2009 Romanian parliamentary reform referendum
| 22 November 2009 |

Do you agree to the transition to a unicameral Parliament in Romania?
| Yes |  |  | 77.78% |  |
| No |  |  | 22.22% |  |

Do you agree to the reduction of the number of members of parliament to a maximum of 300 persons?
| Yes |  |  | 88.84% |  |
| No |  |  | 11.16% |  |

= 2009 Romanian parliamentary reform referendum =

A referendum on modifying the size and structure of the Parliament from the current bicameral one with 137 senators and 334 deputies to a unicameral one with a maximum of 300 seats was held in Romania on 22 November 2009, at the same time as the first round of the 2009 presidential election. Electors were asked two questions on two separate ballots:
1. Do you agree to the transition to a unicameral Parliament in Romania? (Sunteți de acord cu trecerea la un Parlament unicameral în România?)
2. Do you agree to the reduction of the number of members of parliament to a maximum of 300 persons? (Sunteți de acord cu reducererea numărului de parlamentari la maximum 300 de persoane?)

According to the Romanian law, in order for the referendum to be validated, 50% plus one of the total number of eligible voters (i.e. of the number of people that appear on the official electoral list) had to cast their vote. According to the final tally by the Romanian Central Electoral Commission, 9,320,240 of the 18,293,277 eligible voters participated, thus validating the referendum with a turnout rate of 50.95%.

==Background==
Incumbent President Traian Băsescu signed the decree to hold this plebiscite on 22 October 2009. The previous day, on 21 October, the Romanian Parliament in a consultative vote recommended against the President's proposed referendum, but, according to Romanian referendum law, Parliament's resolution was not binding.

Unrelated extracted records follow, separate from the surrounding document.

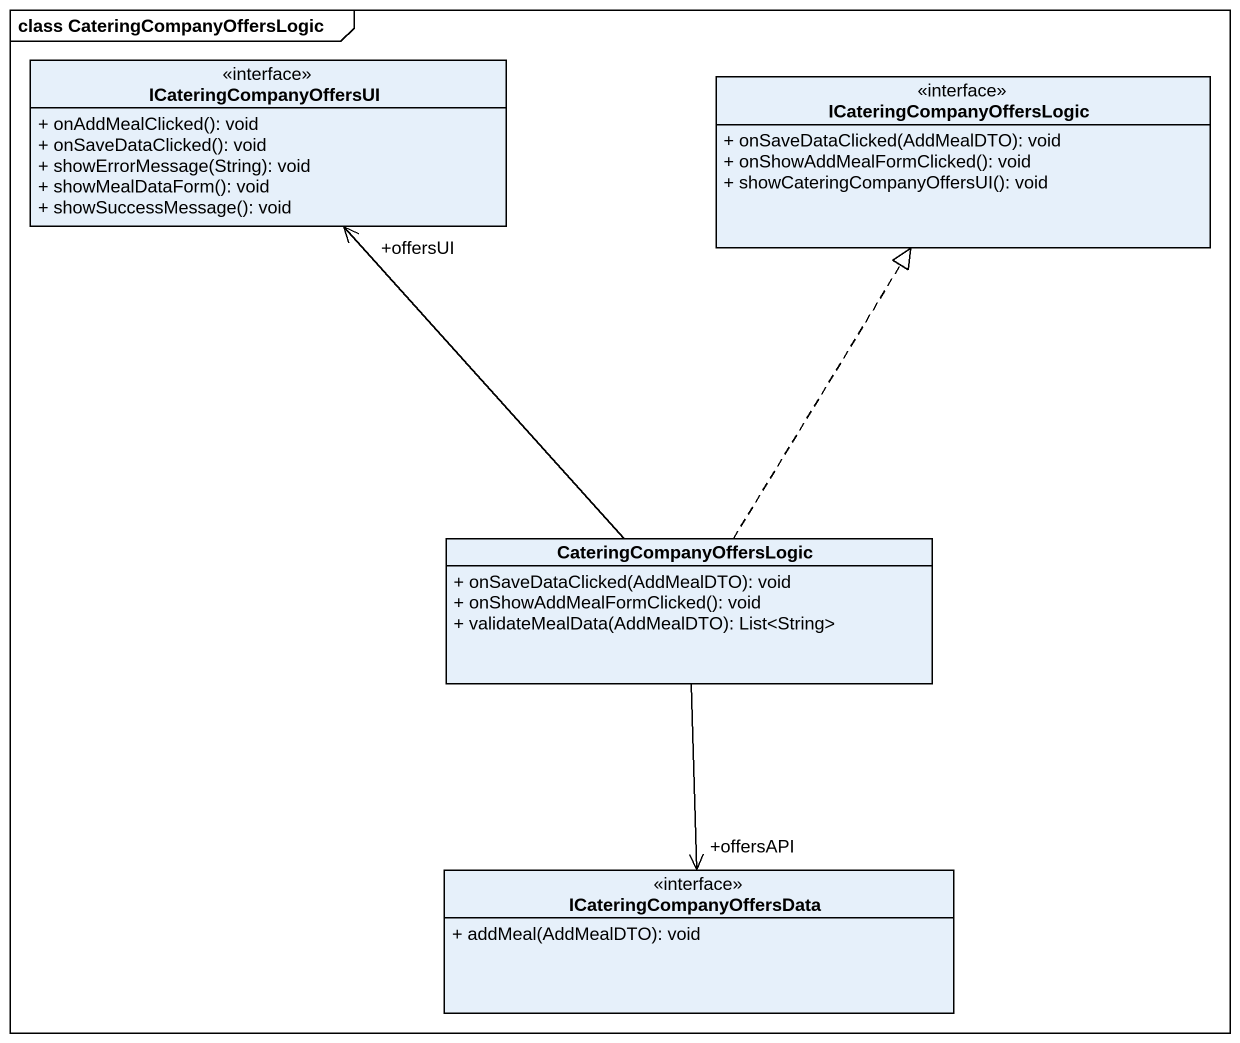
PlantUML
@startuml
mainframe class CateringCompanyOffersLogic
hide circle
hide empty members
skinparam classAttributeIconSize 0
class ICateringCompanyOffersUI <<interface>> {
  + onAddMealClicked(): void
  + onSaveDataClicked(): void
  + showErrorMessage(String): void
  + showMealDataForm(): void
  + showSuccessMessage(): void
}
class ICateringCompanyOffersLogic <<interface>> {
  + onSaveDataClicked(AddMealDTO): void
  + onShowAddMealFormClicked(): void
  + showCateringCompanyOffersUI(): void
}
class CateringCompanyOffersLogic {
  + onSaveDataClicked(AddMealDTO): void
  + onShowAddMealFormClicked(): void
  + validateMealData(AddMealDTO): List<String>
}
class ICateringCompanyOffersData <<interface>> {
  + addMeal(AddMealDTO): void
}
CateringCompanyOffersLogic -up-> "+offersUI" ICateringCompanyOffersUI
CateringCompanyOffersLogic .up.|> ICateringCompanyOffersLogic
CateringCompanyOffersLogic --> "+offersAPI" ICateringCompanyOffersData
@enduml

In response to the referendum call, the National Liberal Party, in opposition to incumbent Băsescu, introduced a bill which would downsize Parliament to a total of 316 representatives – 99 senators and 217 deputies. After counting more than 90% of the votes, the authorities announced partial results, including the information that 50.16% of the electorate expressed their votes making the result of the referendum valid.

== Results ==

Question 1
| Choice |  | Votes | % |
| For |  | 6,740,213 | 77.78 |
| Against |  | 1,925,209 | 22.22 |
| Total |  | 8,665,422 | 100.00 |
| Valid votes |  | 8,665,422 | 92.97 |
| Invalid/blank votes |  | 654,818 | 7.03 |
| Total votes |  | 9,320,240 | 100.00 |
| Registered voters/turnout |  | 18,293,277 | 50.95 |
Source: Biroul Electoral Central

Question 2
| Choice |  | Votes | % |
| For |  | 7,765,573 | 88.84 |
| Against |  | 975,252 | 11.16 |
| Total |  | 8,740,825 | 100.00 |
| Valid votes |  | 8,740,825 | 93.78 |
| Invalid/blank votes |  | 579,415 | 6.22 |
| Total votes |  | 9,320,240 | 100.00 |
| Registered voters/turnout |  | 18,293,277 | 50.95 |
Source: Biroul Electoral Central

==Aftermath==
After the referendum, from 471, the number of parliamentarians kept growing in Romania, due to lack of any legal limitations. In July 2015, after almost 6 years since the referendum was held, the number of Romanian parliamentarians was 588. No other referendum on implementing the legislation has been held in Romania since this one. The only one and last referendum (invalidated) was in 2012 for impeaching the president.